# 2.35 desktop resolution



## NBPk402 (Feb 21, 2012)

I have a i3NUC and even though I can watch movies at 2.35... I cannot set my desktop for 2.35. Is anyone able to run their desktop at 2.35?


----------



## rambocommando (Aug 28, 2014)

Not sure if you ever figured out anything for this or not, but you could use an application called PowerStrip to set a custom resolution.
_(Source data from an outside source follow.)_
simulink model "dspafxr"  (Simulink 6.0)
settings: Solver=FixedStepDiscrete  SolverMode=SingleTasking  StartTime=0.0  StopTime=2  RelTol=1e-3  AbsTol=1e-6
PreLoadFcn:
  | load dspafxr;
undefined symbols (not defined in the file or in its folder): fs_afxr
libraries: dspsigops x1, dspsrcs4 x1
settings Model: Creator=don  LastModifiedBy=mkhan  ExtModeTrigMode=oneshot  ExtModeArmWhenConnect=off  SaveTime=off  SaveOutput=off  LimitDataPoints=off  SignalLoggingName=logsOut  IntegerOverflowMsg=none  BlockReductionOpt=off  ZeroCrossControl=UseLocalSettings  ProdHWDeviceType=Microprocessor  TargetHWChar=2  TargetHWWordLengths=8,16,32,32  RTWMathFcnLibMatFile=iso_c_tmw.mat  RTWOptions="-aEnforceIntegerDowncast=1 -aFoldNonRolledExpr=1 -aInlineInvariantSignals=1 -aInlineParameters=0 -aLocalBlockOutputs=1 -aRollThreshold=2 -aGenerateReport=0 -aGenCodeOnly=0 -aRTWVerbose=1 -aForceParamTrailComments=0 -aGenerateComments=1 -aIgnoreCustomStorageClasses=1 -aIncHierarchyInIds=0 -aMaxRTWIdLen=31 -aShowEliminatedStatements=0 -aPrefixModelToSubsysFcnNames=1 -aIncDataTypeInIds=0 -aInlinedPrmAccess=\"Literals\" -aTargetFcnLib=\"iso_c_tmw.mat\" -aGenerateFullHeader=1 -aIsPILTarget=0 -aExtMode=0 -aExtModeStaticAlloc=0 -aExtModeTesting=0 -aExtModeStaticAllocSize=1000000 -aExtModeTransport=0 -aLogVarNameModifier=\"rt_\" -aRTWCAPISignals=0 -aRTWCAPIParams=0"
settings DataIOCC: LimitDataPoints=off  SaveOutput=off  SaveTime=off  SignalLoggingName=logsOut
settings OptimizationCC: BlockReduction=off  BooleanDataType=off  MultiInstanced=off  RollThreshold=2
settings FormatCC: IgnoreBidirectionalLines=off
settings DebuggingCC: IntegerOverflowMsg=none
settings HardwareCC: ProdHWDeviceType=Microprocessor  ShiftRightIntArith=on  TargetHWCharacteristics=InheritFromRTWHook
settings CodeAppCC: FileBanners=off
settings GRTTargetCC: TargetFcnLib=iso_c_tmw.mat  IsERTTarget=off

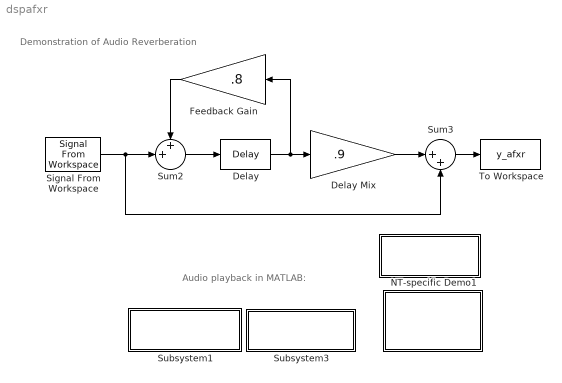
== system dspafxr ==
  note: Audio playback in MATLAB:
  note: Demonstration of
      | Audio Reverberation
  "  " : Subsystem
      mask Type: Frame-Based Simulation Info
      mask Display: disp('Info')
  Delay : dspsigops/Delay  dly_unit=Samples  delay=1800  ic_detail=on  dif_ic_for_ch=off  dif_ic_for_dly=off  ic=0  reset_popup=None
  Delay Mix : Gain  Gain=.9  SaturateOnIntegerOverflow=on
  Feedback Gain : Gain  Orientation=left  Gain=.8  SaturateOnIntegerOverflow=on
  NT-specific Demo1 : Subsystem
      settings: OpenFcn=dspafxr_win32
      mask Type: NT-only Demo
      mask Display: disp('PC/Windows\nDemo')
  Signal From Workspace : dspsrcs4/Signal From Workspace  X=x_afxr  Ts=1/fs_afxr  nsamps=128  OutputAfterFinalValue=Setting to zero
  Subsystem1 : Subsystem
      settings: OpenFcn=if exist('x_afxr','var') & exist('fs_afxr','var'), sound(x_afxr,fs_afxr); else errordlg('Data not found in workspace - reload demo model.','Signal Processing Blockset Demo Error'); end
      mask Display: disp('Original\nSignal')
  Subsystem3 : Subsystem
      settings: OpenFcn=if exist('y_afxr','var') & exist('fs_afxr','var'), sound(y_afxr,fs_afxr); else errordlg('You must run the simulation first.','Signal Processing Blockset Demo Error'); end
      mask Display: disp('Enhanced\nSignal')
  Sum2 : Sum  Inputs=++|  SaturateOnIntegerOverflow=on  InputSameDT=on
  Sum3 : Sum  Inputs=|++  SaturateOnIntegerOverflow=on  InputSameDT=on
  To Workspace : ToWorkspace  VariableName=y_afxr  SampleTime=-1  SaveFormat=Array
  wires:
  Sum3/1 -> To Workspace/1
  Signal From Workspace/1 -> Sum2/2, Sum3/2
  Sum2/1 -> Delay/1
  Feedback Gain/1 -> Sum2/1
  Delay/1 -> Delay Mix/1, Feedback Gain/1
  Delay Mix/1 -> Sum3/1

== system dspafxr/   ==
  note: This simulation of audio reverberation
      | employs frame-based processing.
      |
      | By default, the simulation uses
      | 128 samples per frame.

== system dspafxr/NT-specific Demo1 ==

== system dspafxr/Subsystem1 ==

== system dspafxr/Subsystem3 ==
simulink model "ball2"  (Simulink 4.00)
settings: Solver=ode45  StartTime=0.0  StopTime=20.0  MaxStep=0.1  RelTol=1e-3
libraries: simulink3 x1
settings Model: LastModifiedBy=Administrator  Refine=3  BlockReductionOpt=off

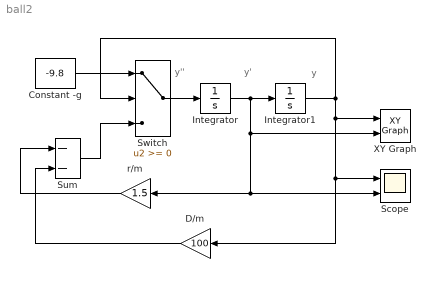
== system ball2 ==
  note: y''
  note: y'
  note: y
  Constant -g : Constant  Value=-9.8
  D/m : Gain  Orientation=left  Gain=100  Multiplication=Element-wise(K.*u)  SaturateOnIntegerOverflow=on
  Integrator : Integrator  ExternalReset=none  InitialConditionSource=internal  InitialCondition=0  LimitOutput=off  UpperSaturationLimit=inf  LowerSaturationLimit=-inf  ShowSaturationPort=off  ShowStatePort=off  AbsoluteTolerance=auto
  Integrator1 : Integrator  ExternalReset=none  InitialConditionSource=internal  InitialCondition=10  LimitOutput=off  UpperSaturationLimit=inf  LowerSaturationLimit=-inf  ShowSaturationPort=off  ShowStatePort=off  AbsoluteTolerance=auto
  Scope : Scope  NumInputPorts=2
      settings: TimeRange=auto  YMin=-5~-5  YMax=5~5  SaveToWorkspace=off  SaveName=ScopeData  LimitDataPoints=on  MaxDataPoints=5000
  Sum : Sum  Inputs=--  SaturateOnIntegerOverflow=on
  Switch : Switch  Threshold=0
  XY Graph : simulink3/Sinks/XY Graph  xmin=-3  xmax=10  ymin=-20  ymax=20  st=0
  r/m : Gain  Orientation=left  Gain=1.5  Multiplication=Element-wise(K.*u)  SaturateOnIntegerOverflow=on
  wires:
  Constant -g/1 -> Switch/1
  Switch/1 -> Integrator/1
  Integrator/1 -> Integrator1/1, r/m/1, Scope/2, XY Graph/2
  Integrator1/1 -> Switch/2, Scope/1, D/m/1, XY Graph/1
  Sum/1 -> Switch/3
  r/m/1 -> Sum/1
  D/m/1 -> Sum/2

Link to software http://entechtaiwan.com/util/ps.shtm

Or if you are technically inclined it looks like you can edit your registry to set the resolution
https://software.intel.com/en-us/articles/custom-resolutions-on-intel-graphics


----------



## NBPk402 (Feb 21, 2012)

rambocommando said:


> Not sure if you ever figured out anything for this or not, but you could use an application called PowerStrip to set a custom resolution. Link to software http://entechtaiwan.com/util/ps.shtm
> 
> Or if you are technically inclined it looks like you can edit your registry to set the resolution
> https://software.intel.com/en-us/articles/custom-resolutions-on-intel-graphics


It doesn't look like Powerstrip will work for me. It shows the monitor and CPU as only being good to 1080P, but yet I can watch 2.35 movies...


----------